Speaking of breaks — there is nothing wrong with needing to take a break. In fact, it’s a good idea. In my case, I was fortunate because my sister and I were able to rotate our days with Mom and Dad so that we each had time to rest and take care of ourselves. But even if you don’t have the advantage of a regular rotation like that, don’t hesitate to tap family, friends or a professional service to step in so you can take some time away from caregiving when you need it.
While in the caregiver role, I kept a journal — writing down my thoughts, struggles and triumphs. I kept a record of Mom’s progress, Dad’s care, and small but meaningful moments like Mom reaching for my hand right before falling asleep.

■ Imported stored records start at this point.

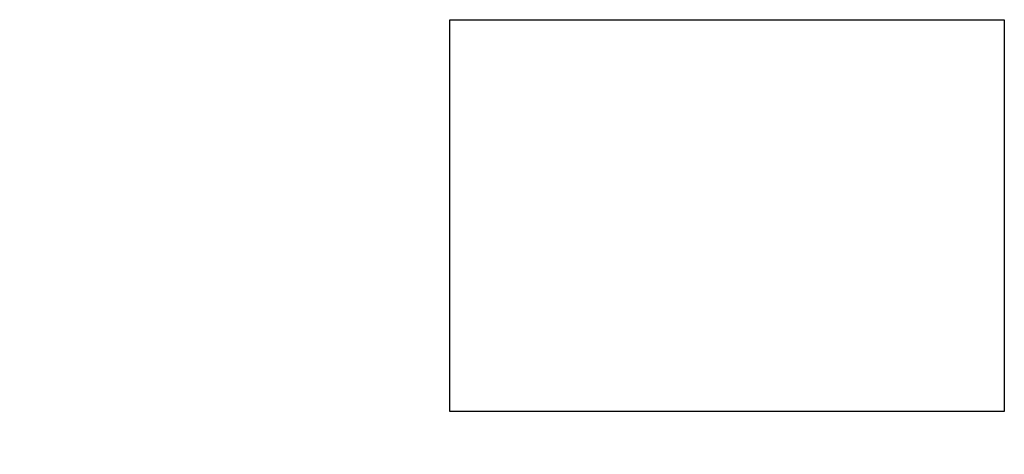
# Model space of a CAD drawing. Extents: x 21 to 4495, y 15 to 674.
# Drawn here: x 21 to 1515, y 15 to 674 of the extents above; entities that cross this region are included whole.
import ezdxf

# ---------------------------------------------------------------- set-up
doc = ezdxf.new("R2010")
doc.units = 0
doc.header["$MEASUREMENT"] = 0
doc.layers.add('KONTUR', color=7, linetype='CONTINUOUS')
doc.layers.add('PDF_Solid Fills', color=7, linetype='CONTINUOUS')

msp = doc.modelspace()

# ---------------------------------------------------------------- hatches: boundary and pattern name
at = {"layer": 'PDF_Solid Fills', "true_color": 0xffffff, "transparency": 33554559}
h = msp.add_hatch(color=7, dxfattribs=at)
h.paths.add_polyline_path([(22.8, 15.8, 0.024557), (22.8, 15.9)], flags=0)
h.paths.add_polyline_path([(22.8, 15.7, 0.024606), (22.8, 15.8)], flags=0)
h.paths.add_polyline_path([(22.8, 15.7, 0.024582), (22.8, 15.7)], flags=0)
h.paths.add_polyline_path([(22.8, 15.6, 0.02457), (22.8, 15.7)], flags=0)
h.paths.add_polyline_path([(22.7, 15.5, 0.024549), (22.8, 15.6)], flags=0)
h.paths.add_polyline_path([(22.7, 15.5, 0.024592), (22.7, 15.5)], flags=0)
h.paths.add_polyline_path([(22.7, 15.4, 0.024553), (22.7, 15.5)], flags=0)
h.paths.add_polyline_path([(22.6, 15.4, 0.024569), (22.7, 15.4)], flags=0)
h.paths.add_polyline_path([(22.6, 15.3, 0.024551), (22.6, 15.4)], flags=0)
h.paths.add_polyline_path([(22.5, 15.3, 0.024539), (22.6, 15.3)], flags=0)
h.paths.add_polyline_path([(22.5, 15.3, 0.024573), (22.5, 15.3)], flags=0)
h.paths.add_polyline_path([(22.4, 15.2, 0.024585), (22.5, 15.3)], flags=0)
h.paths.add_polyline_path([(22.3, 15.2, 0.024575), (22.4, 15.2)], flags=0)
h.paths.add_polyline_path([(22.3, 15.2, 0.024563), (22.3, 15.2)], flags=0)
h.paths.add_polyline_path([(22.2, 15.2, 0.024584), (22.3, 15.2)], flags=0)
h.paths.add_polyline_path([(22.1, 15.2, 0.024554), (22.2, 15.2)], flags=0)
h.paths.add_polyline_path([(22.1, 15.2, 0.024554), (22.1, 15.2)], flags=0)
h.paths.add_polyline_path([(22, 15.2, 0.024598), (22.1, 15.2)], flags=0)
h.paths.add_polyline_path([(21.9, 15.2, 0.024559), (22, 15.2)], flags=0)
h.paths.add_polyline_path([(21.9, 15.2, 0.024569), (21.9, 15.2)], flags=0)
h.paths.add_polyline_path([(21.8, 15.3, 0.024575), (21.9, 15.2)], flags=0)
h.paths.add_polyline_path([(21.8, 15.3, 0.024549), (21.8, 15.3)], flags=0)
h.paths.add_polyline_path([(21.7, 15.3, 0.024569), (21.8, 15.3)], flags=0)
h.paths.add_polyline_path([(21.7, 15.4, 0.024557), (21.7, 15.3)], flags=0)
h.paths.add_polyline_path([(21.6, 15.4, 0.024556), (21.7, 15.4)], flags=0)
h.paths.add_polyline_path([(21.6, 15.5, 0.024588), (21.6, 15.4)], flags=0)
h.paths.add_polyline_path([(21.5, 15.5, 0.024557), (21.6, 15.5)], flags=0)
h.paths.add_polyline_path([(21.5, 15.6, 0.024539), (21.5, 15.5)], flags=0)
h.paths.add_polyline_path([(21.5, 15.7, 0.024562), (21.5, 15.6)], flags=0)
h.paths.add_polyline_path([(21.5, 15.7, 0.024523), (21.5, 15.7)], flags=0)
h.paths.add_polyline_path([(21.5, 15.8, 0.024567), (21.5, 15.7)], flags=0)
h.paths.add_polyline_path([(21.5, 15.9, 0.024536), (21.5, 15.8)], flags=0)
h.paths.add_polyline_path([(21.5, 15.9, 0.024535), (21.5, 15.9)], flags=0)
h.paths.add_polyline_path([(21.5, 16, 0.024563), (21.5, 15.9)], flags=0)
h.paths.add_polyline_path([(21.5, 16.1, 0.024533), (21.5, 16)], flags=0)
h.paths.add_polyline_path([(21.5, 16.1, 0.024546), (21.5, 16.1)], flags=0)
h.paths.add_polyline_path([(21.5, 16.2, 0.024538), (21.5, 16.1)], flags=0)
h.paths.add_polyline_path([(21.6, 16.2, 0.024556), (21.5, 16.2)], flags=0)
h.paths.add_polyline_path([(21.6, 16.3, 0.024589), (21.6, 16.2)], flags=0)
h.paths.add_polyline_path([(21.7, 16.3, 0.024542), (21.6, 16.3)], flags=0)
h.paths.add_polyline_path([(21.7, 16.4, 0.024539), (21.7, 16.3)], flags=0)
h.paths.add_polyline_path([(21.8, 16.4, 0.024567), (21.7, 16.4)], flags=0)
h.paths.add_polyline_path([(21.8, 16.5, 0.024556), (21.8, 16.4)], flags=0)
h.paths.add_polyline_path([(21.9, 16.5, 0.024584), (21.8, 16.5)], flags=0)
h.paths.add_polyline_path([(21.9, 16.5, 0.024553), (21.9, 16.5)], flags=0)
h.paths.add_polyline_path([(22, 16.5, 0.024562), (21.9, 16.5)], flags=0)
h.paths.add_polyline_path([(22.1, 16.5, 0.024558), (22, 16.5)], flags=0)
h.paths.add_polyline_path([(22.1, 16.5, 0.02453), (22.1, 16.5)], flags=0)
h.paths.add_polyline_path([(22.2, 16.5, 0.02453), (22.1, 16.5)], flags=0)
h.paths.add_polyline_path([(22.3, 16.5, 0.024565), (22.2, 16.5)], flags=0)
h.paths.add_polyline_path([(22.3, 16.5, 0.024566), (22.3, 16.5)], flags=0)
h.paths.add_polyline_path([(22.4, 16.5, 0.02456), (22.3, 16.5)], flags=0)
h.paths.add_polyline_path([(22.5, 16.5, 0.024548), (22.4, 16.5)], flags=0)
h.paths.add_polyline_path([(22.5, 16.4, 0.024587), (22.5, 16.5)], flags=0)
h.paths.add_polyline_path([(22.6, 16.4, 0.024543), (22.5, 16.4)], flags=0)
h.paths.add_polyline_path([(22.6, 16.3, 0.024556), (22.6, 16.4)], flags=0)
h.paths.add_polyline_path([(22.7, 16.3, 0.024541), (22.6, 16.3)], flags=0)
h.paths.add_polyline_path([(22.7, 16.2, 0.024554), (22.7, 16.3)], flags=0)
h.paths.add_polyline_path([(22.7, 16.2, 0.024581), (22.7, 16.2)], flags=0)
h.paths.add_polyline_path([(22.8, 16.1, 0.024559), (22.7, 16.2)], flags=0)
h.paths.add_polyline_path([(22.8, 16.1, 0.024561), (22.8, 16.1)], flags=0)
h.paths.add_polyline_path([(22.8, 16, 0.024573), (22.8, 16.1)], flags=0)
h.paths.add_polyline_path([(22.8, 15.9, 0.024583), (22.8, 16)], flags=0)
h.paths.add_polyline_path([(22.8, 15.9, 0.024557), (22.8, 15.9)], flags=0)

# ---------------------------------------------------------------- linework, layer by layer
at = {"layer": 'KONTUR'}
for p, q in [((674.1, 80.2), (674.1, 674.2)), ((674.1, 674.2), (1515.1, 674.2)), ((1515.1, 674.2), (1515.1, 80.2)), ((1515.1, 80.2), (674.1, 80.2))]:
    msp.add_line(p, q, dxfattribs=at)

doc.saveas('drawing.dxf')

A few months ago, Mom passed away. Reading what I had written has given me a better perspective of the past few years. There were a lot of good days. In fact, there were more good than bad. It also helped me to see the deeper bond that was formed between Mom, Dad, my siblings, and I. What we were going through wasn’t easy, but it brought us closer together.
Being a caregiver can be stressful — but it can also be rewarding. After all, you’re doing this for someone you love — you’re making a difference in their lives when they need it most.
Although caring for my mom and dad has been challenging, I would do it all again if I had to. I will always cherish the days I spent caring for them.